◆ Description of the task
Scan the records and identify every line in which the string "layers" occurs, then return those lines.
Top of Data shown
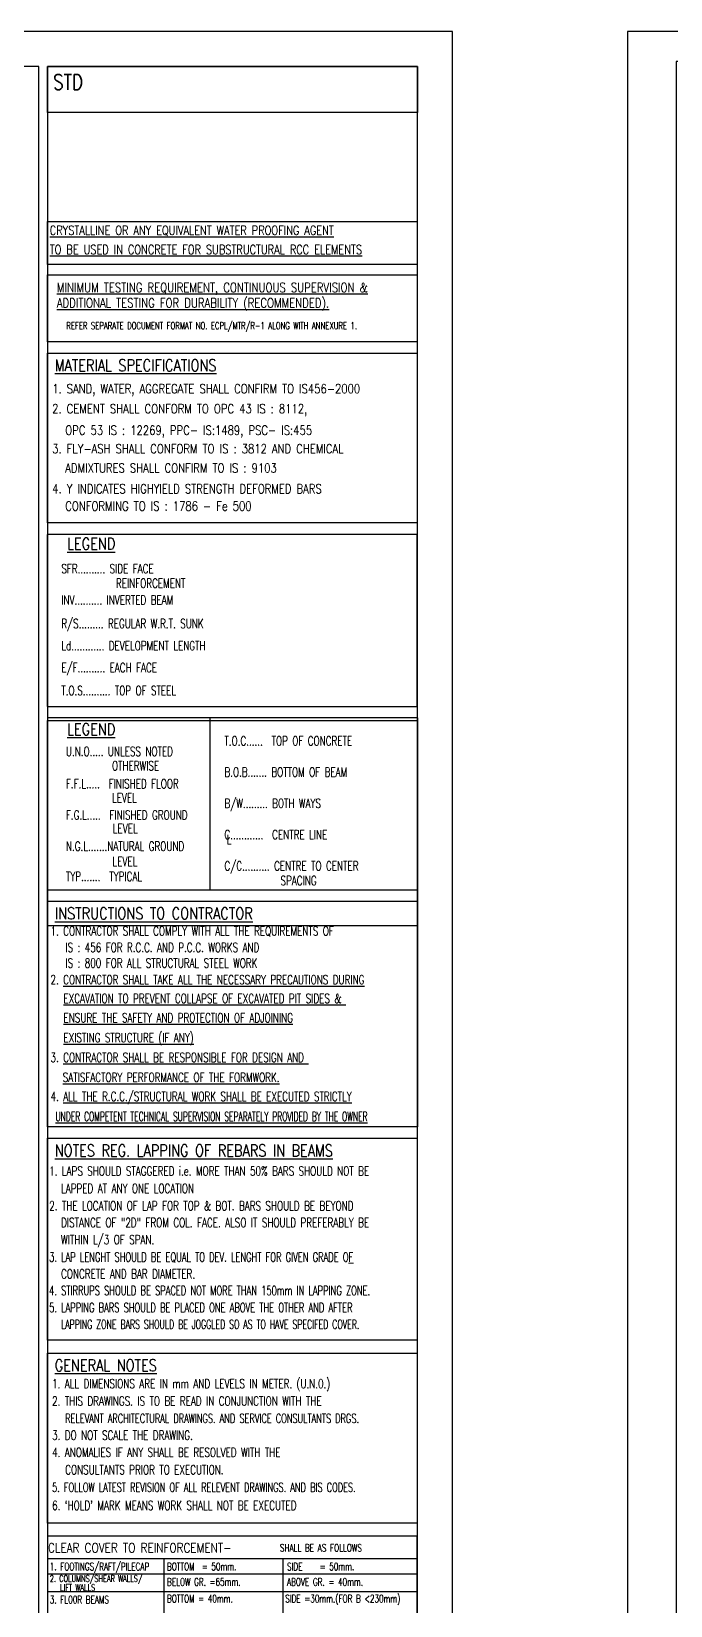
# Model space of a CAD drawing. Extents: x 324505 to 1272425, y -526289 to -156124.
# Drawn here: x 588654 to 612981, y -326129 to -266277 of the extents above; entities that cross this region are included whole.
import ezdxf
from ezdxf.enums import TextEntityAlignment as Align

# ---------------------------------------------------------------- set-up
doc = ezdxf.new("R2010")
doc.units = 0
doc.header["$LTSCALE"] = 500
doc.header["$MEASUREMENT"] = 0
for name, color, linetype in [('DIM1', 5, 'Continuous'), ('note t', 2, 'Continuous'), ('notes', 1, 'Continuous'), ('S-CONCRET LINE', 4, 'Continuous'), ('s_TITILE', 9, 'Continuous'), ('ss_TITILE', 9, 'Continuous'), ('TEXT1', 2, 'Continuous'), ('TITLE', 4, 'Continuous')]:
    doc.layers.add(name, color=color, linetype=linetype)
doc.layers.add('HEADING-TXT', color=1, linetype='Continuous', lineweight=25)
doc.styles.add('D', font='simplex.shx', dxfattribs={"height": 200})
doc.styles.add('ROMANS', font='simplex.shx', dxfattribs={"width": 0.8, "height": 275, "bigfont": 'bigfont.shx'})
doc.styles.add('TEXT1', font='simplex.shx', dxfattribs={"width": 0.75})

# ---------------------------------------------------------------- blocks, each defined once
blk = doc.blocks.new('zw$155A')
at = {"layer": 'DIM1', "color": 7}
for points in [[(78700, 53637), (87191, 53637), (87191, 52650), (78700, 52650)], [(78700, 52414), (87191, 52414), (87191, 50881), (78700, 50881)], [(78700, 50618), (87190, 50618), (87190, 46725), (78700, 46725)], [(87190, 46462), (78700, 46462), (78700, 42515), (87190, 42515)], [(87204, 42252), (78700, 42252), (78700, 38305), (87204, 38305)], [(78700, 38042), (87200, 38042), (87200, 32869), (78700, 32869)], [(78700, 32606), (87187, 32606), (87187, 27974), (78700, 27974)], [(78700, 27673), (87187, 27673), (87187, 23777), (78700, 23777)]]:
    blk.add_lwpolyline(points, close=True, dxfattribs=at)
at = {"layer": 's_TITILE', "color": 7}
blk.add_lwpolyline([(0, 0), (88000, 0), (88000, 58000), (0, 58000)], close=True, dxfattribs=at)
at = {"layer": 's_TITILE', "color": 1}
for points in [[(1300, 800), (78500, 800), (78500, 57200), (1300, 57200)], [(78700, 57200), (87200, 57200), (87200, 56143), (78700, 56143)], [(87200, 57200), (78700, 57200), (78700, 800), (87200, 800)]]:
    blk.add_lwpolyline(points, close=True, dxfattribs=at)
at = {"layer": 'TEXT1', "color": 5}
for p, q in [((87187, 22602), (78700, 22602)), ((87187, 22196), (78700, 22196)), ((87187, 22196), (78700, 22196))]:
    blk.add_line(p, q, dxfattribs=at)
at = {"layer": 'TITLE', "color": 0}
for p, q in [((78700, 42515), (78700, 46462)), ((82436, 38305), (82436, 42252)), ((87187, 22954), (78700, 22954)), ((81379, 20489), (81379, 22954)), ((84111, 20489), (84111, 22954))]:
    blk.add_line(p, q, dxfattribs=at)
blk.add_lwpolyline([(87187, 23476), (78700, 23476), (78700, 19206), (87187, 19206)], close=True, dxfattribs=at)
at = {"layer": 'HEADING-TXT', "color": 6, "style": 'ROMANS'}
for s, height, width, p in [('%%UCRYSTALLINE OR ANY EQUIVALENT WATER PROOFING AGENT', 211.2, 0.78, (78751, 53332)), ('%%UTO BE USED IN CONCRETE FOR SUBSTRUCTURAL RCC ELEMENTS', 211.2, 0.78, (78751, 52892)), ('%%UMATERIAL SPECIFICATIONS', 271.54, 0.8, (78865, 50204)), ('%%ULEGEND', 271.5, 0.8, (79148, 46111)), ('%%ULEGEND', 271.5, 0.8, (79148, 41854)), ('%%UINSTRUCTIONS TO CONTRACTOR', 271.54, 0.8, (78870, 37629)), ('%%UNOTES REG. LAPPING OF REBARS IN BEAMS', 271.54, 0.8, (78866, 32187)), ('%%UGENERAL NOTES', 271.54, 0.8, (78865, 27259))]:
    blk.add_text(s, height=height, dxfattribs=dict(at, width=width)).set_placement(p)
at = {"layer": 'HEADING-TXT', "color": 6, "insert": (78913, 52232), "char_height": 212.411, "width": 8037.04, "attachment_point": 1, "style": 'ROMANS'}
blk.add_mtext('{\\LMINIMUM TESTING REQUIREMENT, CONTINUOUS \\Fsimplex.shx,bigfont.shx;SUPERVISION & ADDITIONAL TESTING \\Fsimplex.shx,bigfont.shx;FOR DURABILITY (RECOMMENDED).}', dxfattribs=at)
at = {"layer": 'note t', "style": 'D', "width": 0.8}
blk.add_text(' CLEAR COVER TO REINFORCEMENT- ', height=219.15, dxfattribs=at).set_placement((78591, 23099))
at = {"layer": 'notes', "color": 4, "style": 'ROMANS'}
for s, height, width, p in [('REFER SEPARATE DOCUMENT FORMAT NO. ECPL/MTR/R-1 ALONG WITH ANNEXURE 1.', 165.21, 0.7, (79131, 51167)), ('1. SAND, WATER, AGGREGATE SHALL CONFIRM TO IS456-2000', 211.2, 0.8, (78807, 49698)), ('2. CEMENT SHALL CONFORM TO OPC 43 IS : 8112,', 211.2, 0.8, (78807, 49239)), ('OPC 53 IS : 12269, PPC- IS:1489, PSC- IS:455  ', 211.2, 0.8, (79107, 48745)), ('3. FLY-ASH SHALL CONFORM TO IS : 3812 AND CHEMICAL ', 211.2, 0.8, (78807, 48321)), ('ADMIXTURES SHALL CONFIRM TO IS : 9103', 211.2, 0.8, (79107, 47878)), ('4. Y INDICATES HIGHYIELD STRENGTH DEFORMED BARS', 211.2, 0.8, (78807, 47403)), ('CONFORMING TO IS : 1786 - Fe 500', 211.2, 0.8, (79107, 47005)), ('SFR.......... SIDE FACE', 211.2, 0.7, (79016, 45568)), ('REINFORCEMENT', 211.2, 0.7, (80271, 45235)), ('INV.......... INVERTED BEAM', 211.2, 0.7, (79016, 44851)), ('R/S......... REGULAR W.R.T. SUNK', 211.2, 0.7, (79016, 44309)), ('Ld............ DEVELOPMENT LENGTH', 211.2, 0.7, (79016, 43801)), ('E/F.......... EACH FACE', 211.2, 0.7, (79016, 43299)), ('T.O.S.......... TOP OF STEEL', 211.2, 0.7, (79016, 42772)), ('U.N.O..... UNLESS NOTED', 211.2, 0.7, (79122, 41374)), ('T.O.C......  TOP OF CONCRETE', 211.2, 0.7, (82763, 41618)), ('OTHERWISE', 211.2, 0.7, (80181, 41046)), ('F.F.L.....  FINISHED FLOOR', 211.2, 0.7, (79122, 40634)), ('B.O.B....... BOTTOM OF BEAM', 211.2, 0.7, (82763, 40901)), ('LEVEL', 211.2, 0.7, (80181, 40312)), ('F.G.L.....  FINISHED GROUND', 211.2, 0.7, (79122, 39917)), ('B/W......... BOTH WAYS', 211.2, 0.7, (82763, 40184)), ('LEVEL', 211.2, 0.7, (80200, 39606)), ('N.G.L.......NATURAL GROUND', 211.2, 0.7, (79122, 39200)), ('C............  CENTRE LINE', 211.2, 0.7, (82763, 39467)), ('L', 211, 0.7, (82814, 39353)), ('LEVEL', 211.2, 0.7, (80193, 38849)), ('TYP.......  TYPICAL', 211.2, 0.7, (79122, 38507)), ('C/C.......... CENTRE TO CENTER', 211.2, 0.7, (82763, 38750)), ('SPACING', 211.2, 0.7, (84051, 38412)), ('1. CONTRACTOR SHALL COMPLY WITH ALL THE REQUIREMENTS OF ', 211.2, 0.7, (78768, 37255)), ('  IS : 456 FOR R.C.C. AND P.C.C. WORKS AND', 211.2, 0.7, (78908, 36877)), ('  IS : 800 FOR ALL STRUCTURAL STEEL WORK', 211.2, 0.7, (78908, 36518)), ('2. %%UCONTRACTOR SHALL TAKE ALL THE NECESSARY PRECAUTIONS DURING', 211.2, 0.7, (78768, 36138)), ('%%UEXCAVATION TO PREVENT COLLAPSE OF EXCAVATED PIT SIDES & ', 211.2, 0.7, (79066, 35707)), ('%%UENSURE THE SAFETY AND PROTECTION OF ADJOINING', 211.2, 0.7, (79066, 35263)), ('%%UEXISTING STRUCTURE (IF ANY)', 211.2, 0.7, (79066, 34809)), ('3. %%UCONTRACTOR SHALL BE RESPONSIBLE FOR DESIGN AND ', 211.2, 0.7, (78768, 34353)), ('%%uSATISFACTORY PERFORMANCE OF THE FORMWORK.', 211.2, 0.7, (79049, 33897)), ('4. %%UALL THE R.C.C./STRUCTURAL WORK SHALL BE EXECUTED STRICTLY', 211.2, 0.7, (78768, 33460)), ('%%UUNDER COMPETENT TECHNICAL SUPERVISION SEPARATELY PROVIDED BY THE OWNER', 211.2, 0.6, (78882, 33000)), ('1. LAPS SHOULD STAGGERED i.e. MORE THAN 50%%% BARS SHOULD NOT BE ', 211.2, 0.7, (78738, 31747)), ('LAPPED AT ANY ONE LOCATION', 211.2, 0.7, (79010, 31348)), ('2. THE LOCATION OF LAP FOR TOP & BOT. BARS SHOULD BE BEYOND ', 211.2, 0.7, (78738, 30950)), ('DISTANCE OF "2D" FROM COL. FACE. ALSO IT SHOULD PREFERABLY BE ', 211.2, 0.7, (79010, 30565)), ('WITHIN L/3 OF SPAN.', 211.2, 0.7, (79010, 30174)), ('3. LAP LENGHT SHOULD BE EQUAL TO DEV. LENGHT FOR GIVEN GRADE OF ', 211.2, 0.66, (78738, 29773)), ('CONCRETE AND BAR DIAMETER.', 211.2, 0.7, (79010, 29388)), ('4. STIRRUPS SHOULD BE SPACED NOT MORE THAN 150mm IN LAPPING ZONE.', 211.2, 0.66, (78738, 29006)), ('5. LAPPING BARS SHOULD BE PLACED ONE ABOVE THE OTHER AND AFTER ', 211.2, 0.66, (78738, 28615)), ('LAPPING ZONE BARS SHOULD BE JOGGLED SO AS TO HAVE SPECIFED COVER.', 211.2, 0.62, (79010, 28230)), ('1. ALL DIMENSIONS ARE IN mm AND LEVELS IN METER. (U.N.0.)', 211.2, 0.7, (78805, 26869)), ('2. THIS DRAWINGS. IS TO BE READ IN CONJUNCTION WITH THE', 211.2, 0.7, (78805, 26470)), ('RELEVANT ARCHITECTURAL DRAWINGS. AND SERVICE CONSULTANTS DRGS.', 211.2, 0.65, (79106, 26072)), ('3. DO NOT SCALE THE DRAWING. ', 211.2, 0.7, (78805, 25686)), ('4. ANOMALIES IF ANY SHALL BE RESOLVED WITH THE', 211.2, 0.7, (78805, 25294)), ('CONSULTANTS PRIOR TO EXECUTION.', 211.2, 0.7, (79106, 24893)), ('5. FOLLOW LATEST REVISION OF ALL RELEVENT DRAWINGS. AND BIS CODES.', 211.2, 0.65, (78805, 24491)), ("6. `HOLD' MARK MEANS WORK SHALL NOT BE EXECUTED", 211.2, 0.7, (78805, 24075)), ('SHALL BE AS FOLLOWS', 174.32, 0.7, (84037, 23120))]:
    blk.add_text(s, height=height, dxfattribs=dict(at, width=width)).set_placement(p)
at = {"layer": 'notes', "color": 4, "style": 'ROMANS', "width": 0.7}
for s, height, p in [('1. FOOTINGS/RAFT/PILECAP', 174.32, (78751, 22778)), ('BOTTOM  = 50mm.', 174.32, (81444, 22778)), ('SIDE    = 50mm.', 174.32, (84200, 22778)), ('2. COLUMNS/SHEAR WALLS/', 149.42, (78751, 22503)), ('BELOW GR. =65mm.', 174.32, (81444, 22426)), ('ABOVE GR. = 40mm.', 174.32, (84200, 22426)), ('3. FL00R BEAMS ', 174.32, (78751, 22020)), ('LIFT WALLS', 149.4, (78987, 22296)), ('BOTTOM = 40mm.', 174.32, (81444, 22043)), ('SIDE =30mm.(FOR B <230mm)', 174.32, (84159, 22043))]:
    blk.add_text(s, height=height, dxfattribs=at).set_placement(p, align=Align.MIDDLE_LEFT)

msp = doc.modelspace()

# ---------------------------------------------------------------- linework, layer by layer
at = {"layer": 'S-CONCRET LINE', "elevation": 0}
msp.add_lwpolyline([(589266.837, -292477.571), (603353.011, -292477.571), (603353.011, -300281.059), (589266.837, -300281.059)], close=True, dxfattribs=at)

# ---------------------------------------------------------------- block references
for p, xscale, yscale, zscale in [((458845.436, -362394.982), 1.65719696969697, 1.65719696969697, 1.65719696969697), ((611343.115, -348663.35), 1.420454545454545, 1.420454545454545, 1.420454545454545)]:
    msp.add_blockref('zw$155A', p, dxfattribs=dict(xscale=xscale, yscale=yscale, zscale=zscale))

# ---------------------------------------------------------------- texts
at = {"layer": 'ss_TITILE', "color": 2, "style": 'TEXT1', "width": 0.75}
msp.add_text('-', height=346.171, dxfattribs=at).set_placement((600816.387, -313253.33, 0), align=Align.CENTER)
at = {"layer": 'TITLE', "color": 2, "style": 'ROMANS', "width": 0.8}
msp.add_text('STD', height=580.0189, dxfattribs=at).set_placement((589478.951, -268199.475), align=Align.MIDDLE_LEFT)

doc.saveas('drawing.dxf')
Bottom of Data shown
◆ Answer space
    doc.layers.add(name, color=color, linetype=linetype)
doc.layers.add('HEADING-TXT', color=1, linetype='Continuous', lineweight=25)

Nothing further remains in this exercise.